# Wow. Just wow



## Tony (Sep 22, 2016)

http://fox13now.com/2016/09/21/police-mint-worker-smuggled-180k-worth-of-gold-in-his-rectum/

Reactions: Funny 2


----------



## Kevin (Sep 22, 2016)

Leave it to The Greek to find a rectum story.

Reactions: Agree 1 | Funny 4


----------



## Tony (Sep 22, 2016)

Kevin said:


> Leave it to The Greek to find a rectum story.



I don't even have to search, they seek me out.


----------



## Kevin (Sep 22, 2016)

The writing was hilarious.

Reactions: Agree 2


----------



## ripjack13 (Sep 22, 2016)

that's hilarious....


----------



## Schroedc (Sep 22, 2016)

Rectum hell, It could have killed him

Reactions: Agree 1 | Funny 4


----------



## Kevin (Sep 22, 2016)

Schroedc said:


> Rectum hell, It could have killed him


----------



## Tony (Sep 22, 2016)

I was reading another story about this, the prosecutor will be Hugh Janus. Tony

Reactions: Funny 2


----------



## Schroedc (Sep 22, 2016)

Pretty crappy way to make buck IMO....

Reactions: Agree 1


----------



## Nature Man (Sep 22, 2016)

Well, as it turned out, he got it in the end. Chuck

Reactions: Funny 3


----------



## Schroedc (Sep 22, 2016)

Nature Man said:


> Well, as it turned out, he got it in the end. Chuck



Eh, go blow it out your.....


----------



## Tony (Sep 22, 2016)

Schroedc said:


> Eh, go blow it out your.....



We need to plug this thread.


----------



## Blueglass (Sep 22, 2016)

That had to have been cold.


----------



## TimR (Sep 22, 2016)

Only one way to make a deposit like that...
http://www.npr.org/sections/thetwo-...can-now-use-a-golden-toilet-at-the-guggenheim

Reactions: Great Post 1


----------



## Kevin (Sep 22, 2016)

Tony said:


> We need to plug this thread.



Ass not what your employer can do for you, butt what you can do for your nest egg. With some creative thought and a little intestinal fortitude you could retire early. 
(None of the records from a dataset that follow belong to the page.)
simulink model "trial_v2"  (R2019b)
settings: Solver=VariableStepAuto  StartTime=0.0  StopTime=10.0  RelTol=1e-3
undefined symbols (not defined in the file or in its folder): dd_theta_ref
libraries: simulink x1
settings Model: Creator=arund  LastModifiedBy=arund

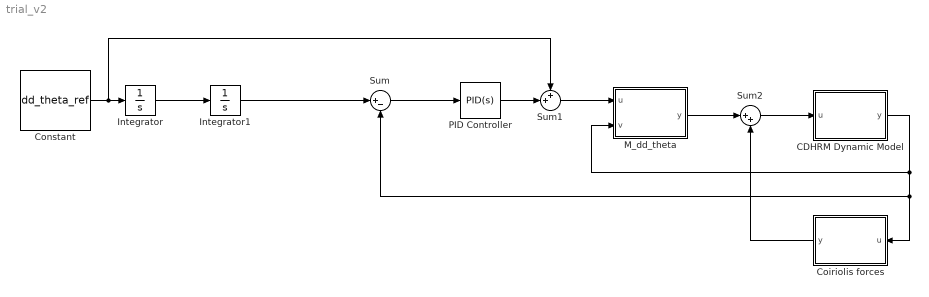
== system trial_v2 ==
  CDHRM Dynamic Model : MATLAB Function  TreatAsAtomicUnit=on
  Coiriolis forces : MATLAB Function  TreatAsAtomicUnit=on
  Constant : Constant  Value=dd_theta_ref
  Integrator : Integrator
  Integrator1 : Integrator
  M_dd_theta : MATLAB Function  TreatAsAtomicUnit=on
  PID Controller : simulink/Continuous/PID Controller  Controller=PID  Form=Parallel  TimeDomain=Continuous-time  SampleTime=-1  IntegratorMethod=Forward Euler  FilterMethod=Forward Euler  ControllerParametersSource=internal  P=1  I=1  D=0  UseFilter=on  N=100  TunerSelectOption=Transfer Function Based (PID Tuner App)  InitialConditionSource=internal  InitialConditionForIntegrator=0  InitialConditionForFilter=0  DifferentiatorICPrevScaledInput=0  ExternalReset=none  TrackingMode=off  Kt=1  LimitOutput=off  UpperSaturationLimit=inf  LowerSaturationLimit=-inf  LinearizeAsGain=on  AntiWindupMode=none  Kb=1  POutMin=[]  POutMax=[]  IOutMin=[]  IOutMax=[]  DOutMin=[]  DOutMax=[]  NOutMin=[]  NOutMax=[]  SumOutMin=[]  SumOutMax=[]  SaturationOutMin=[]  SaturationOutMax=[]  PParamMin=[]  PParamMax=[]  IParamMin=[]  IParamMax=[]  DParamMin=[]  DParamMax=[]  NParamMin=[]  NParamMax=[]  KbParamMin=[]  KbParamMax=[]  KtParamMin=[]  KtParamMax=[]  KbOutMin=[]  KbOutMax=[]  KtOutMin=[]  KtOutMax=[]  IntegratorOutMin=[]  IntegratorOutMax=[]  FilterOutMin=[]  FilterOutMax=[]  SumI1OutMin=[]  SumI1OutMax=[]  SumI2OutMin=[]  SumI2OutMax=[]  SumI3OutMin=[]  SumI3OutMax=[]  SumI4OutMin=[]  SumI4OutMax=[]  SumDOutMin=[]  SumDOutMax=[]  DifferentiatorOutMin=[]  DifferentiatorOutMax=[]  FilterDiffOutCoefMin=[]  FilterDiffOutCoefMax=[]  ReciprocalOutMin=[]  ReciprocalOutMax=[]  SumDenOutMin=[]  SumDenOutMax=[]  SumNumOutMin=[]  SumNumOutMax=[]  DivideOutMin=[]  DivideOutMax=[]  IntegratorContinuousStateAttributes=''  IntegratorStateMustResolveToSignalObject=off  IntegratorRTWStateStorageClass=Auto  FilterContinuousStateAttributes=''  FilterStateMustResolveToSignalObject=off  FilterRTWStateStorageClass=Auto  ParallelPVariant=InternalParameters  IdealPVariant=Disabled  IVariant=InternalParameters  DVariant=InternalParameters  IntegratorVariant=Continuous  SatVariant=Disabled  AWVariant=Passthrough  PCopyVariant=Disabled  TRVariant=Disabled  FdbkBlocksVariant=Forward  IdealPFdbkVariant=Disabled  SatFdbkVariant=Disabled  DerivativeFilterVariant=ContFilter  NVariant=InternalParameters  NCopyVariant=Disabled  FilterICVariant=InternalICsFilter  IntegratorICVariant=InternalICs  ExternalResetVariant=Disabled  TRSumVariant=Passthrough  SumFdbkVariant=Disabled  SumVariant=Sum_PID
  Sum : Sum  Inputs=|+-
  Sum1 : Sum  Inputs=++|
  Sum2 : Sum  Inputs=|++
  wires:
  Sum/1 -> PID Controller/1
  Constant/1 -> Sum1/1, Integrator/1
  Integrator/1 -> Integrator1/1
  Integrator1/1 -> Sum/1
  PID Controller/1 -> Sum1/2
  M_dd_theta/1(y) -> Sum2/1
  Coiriolis forces/1(y) -> Sum2/2
  Sum2/1 -> CDHRM Dynamic Model/1(u)
  CDHRM Dynamic Model/1(y) -> M_dd_theta/2(v), Sum/2, Coiriolis forces/1(u)
  Sum1/1 -> M_dd_theta/1(u)

== matlab function trial_v2/CDHRM Dynamic Model ==
  data: u input; y output
function y = fcn(u)
f_dash = F - R*f_dash
n_dash= P*RF + R*n_dash-R*n + n+T_dash
F=f_dash-R*f_dash
T=n_dash - R*n_dash - (P+P)*f_dash+P*(R*f_dash)
y = u;

== matlab function trial_v2/M_dd_theta ==
  data: u input; y output; v input
function y = fcn(u,v)

y = u;

== matlab function trial_v2/Coiriolis forces ==
  data: u input; y output
function y = fcn(u)

y = u;
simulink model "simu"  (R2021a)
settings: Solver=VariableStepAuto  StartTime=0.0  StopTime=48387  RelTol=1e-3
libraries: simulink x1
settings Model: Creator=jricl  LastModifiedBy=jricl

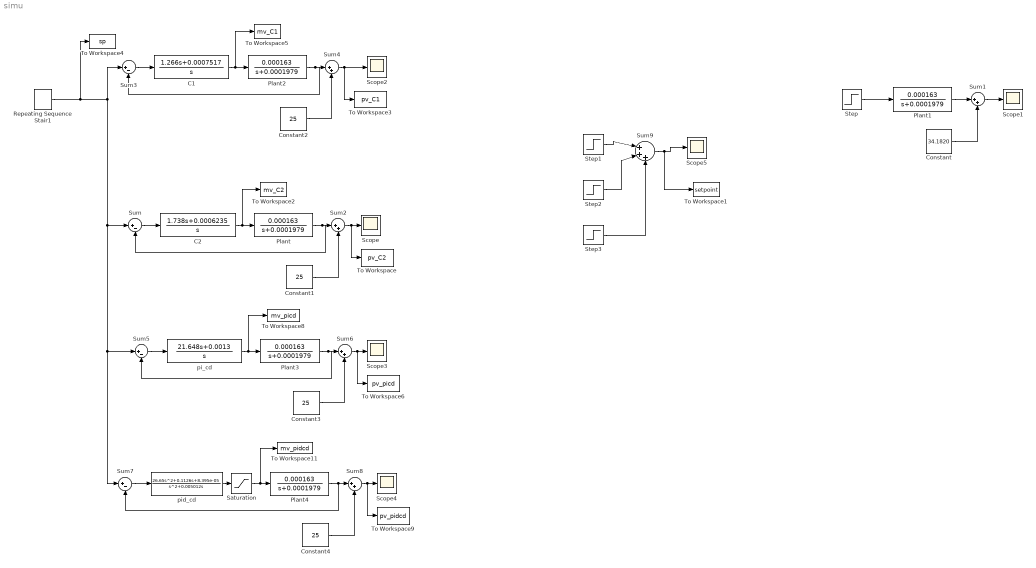
== system simu ==
  C1 : TransferFcn  Numerator="[1.266  0.0007517]"  Denominator=[1 0]
  C2 : TransferFcn  Numerator="[1.738  0.0006235]"  Denominator=[1 0]
  Constant : Constant  Value=34.1820
  Constant{1..4} (4 alike) : Constant  Value=25
  Plant{,1..4} (5 alike) : TransferFcn  Numerator=[0.000163]  Denominator=[1 0.0001979]
  Repeating Sequence Stair1 : simulink/Sources/Repeating Sequence Stair  OutValues=[5 10 15 20]  tsamp=25000  OutMin=[]  OutMax=[]  OutDataTypeStr=double  OutputDataTypeScalingMode=double  OutDataType=fixdt(0,8)  ConRadixGroup=Best Precision: Vector-wise  OutScaling=2^-12
  Saturation : Saturate  UpperLimit=100  LowerLimit=0
  Scope{,1..5} (6 alike) : Scope
  Step : Step  Time=0  After=2  SampleTime=1
  Step1 : Step  Time=25000  Before=30  After=35
  Step2 : Step  Time=25000+25000  After=5
  Step3 : Step  Time=25000+25000+25000  After=5
  Sum{,3,5,7} (4 alike) : Sum  Inputs=|+-
  Sum{1..2,4,6,8} (5 alike) : Sum  Inputs=|++
  Sum9 : Sum  Inputs=|+++
  To Workspace : ToWorkspace  VariableName=pv_C2  SaveFormat=Timeseries  SampleTime=-1
  To Workspace1 : ToWorkspace  VariableName=setpoint  SaveFormat=Timeseries  SampleTime=-1
  To Workspace11 : ToWorkspace  VariableName=mv_pidcd  SaveFormat=Timeseries  SampleTime=-1
  To Workspace2 : ToWorkspace  VariableName=mv_C2  SaveFormat=Timeseries  SampleTime=-1
  To Workspace3 : ToWorkspace  VariableName=pv_C1  SaveFormat=Timeseries  SampleTime=-1
  To Workspace4 : ToWorkspace  VariableName=sp  SaveFormat=Timeseries  SampleTime=-1
  To Workspace5 : ToWorkspace  VariableName=mv_C1  SaveFormat=Timeseries  SampleTime=-1
  To Workspace6 : ToWorkspace  VariableName=pv_picd  SaveFormat=Timeseries  SampleTime=-1
  To Workspace8 : ToWorkspace  VariableName=mv_picd  SaveFormat=Timeseries  SampleTime=-1
  To Workspace9 : ToWorkspace  VariableName=pv_pidcd  SaveFormat=Timeseries  SampleTime=-1
  pi_cd : TransferFcn  Numerator="[21.648  0.0013]"  Denominator=[1 0]
  pid_cd : TransferFcn  Numerator=[26.65 0.1126 8.395e-05]  Denominator=[1 0.005012 0]
  wires:
  Plant/1 -> Sum/2, Sum2/1
  Sum/1 -> C2/1
  Step/1 -> Plant1/1
  Plant1/1 -> Sum1/1
  Sum1/1 -> Scope1/1
  Constant/1 -> Sum1/2
  C2/1 -> To Workspace2/1, Plant/1
  Sum2/1 -> To Workspace/1, Scope/1
  Constant1/1 -> Sum2/2
  Constant2/1 -> Sum4/2
  Sum4/1 -> Scope2/1, To Workspace3/1
  C1/1 -> Plant2/1, To Workspace5/1
  Sum3/1 -> C1/1
  Plant2/1 -> Sum4/1, Sum3/2
  Plant3/1 -> Sum5/2, Sum6/1
  Sum5/1 -> pi_cd/1
  pi_cd/1 -> To Workspace8/1, Plant3/1
  Sum6/1 -> To Workspace6/1, Scope3/1
  Constant3/1 -> Sum6/2
  Constant4/1 -> Sum8/2
  Sum8/1 -> Scope4/1, To Workspace9/1
  Sum7/1 -> pid_cd/1
  Plant4/1 -> Sum8/1, Sum7/2
  Repeating Sequence Stair1/1 -> To Workspace4/1, Sum3/1, Sum7/1, Sum5/1, Sum/1
  Step1/1 -> Sum9/1
  Step2/1 -> Sum9/2
  Sum9/1 -> To Workspace1/1, Scope5/1
  Step3/1 -> Sum9/3
  pid_cd/1 -> Saturation/1
  Saturation/1 -> To Workspace11/1, Plant4/1

_20 year gold pen my ass - I'm gonna go home and shitt gold bricks. _

Reactions: Like 1 | Great Post 1 | Funny 1


----------



## Schroedc (Sep 22, 2016)

Tony said:


> We need to plug this thread.



Did he have to use a Goldfinger to get it up there?

Reactions: Funny 1


----------



## Wildthings (Sep 22, 2016)

OK OK let's not get anal about this!

Reactions: Funny 1


----------



## Schroedc (Sep 22, 2016)

He was really goldbricking on the job.

Reactions: Funny 1


----------



## rocky1 (Sep 22, 2016)

Lends a whole new meaning to calling manure rich!


----------



## Tony (Sep 22, 2016)

This is just getting asinine! Tony


----------



## Kevin (Sep 22, 2016)

Tony said:


> This is just getting asinine! Tony



Watch it potty mouth!

Reactions: Funny 2


----------



## Schroedc (Sep 22, 2016)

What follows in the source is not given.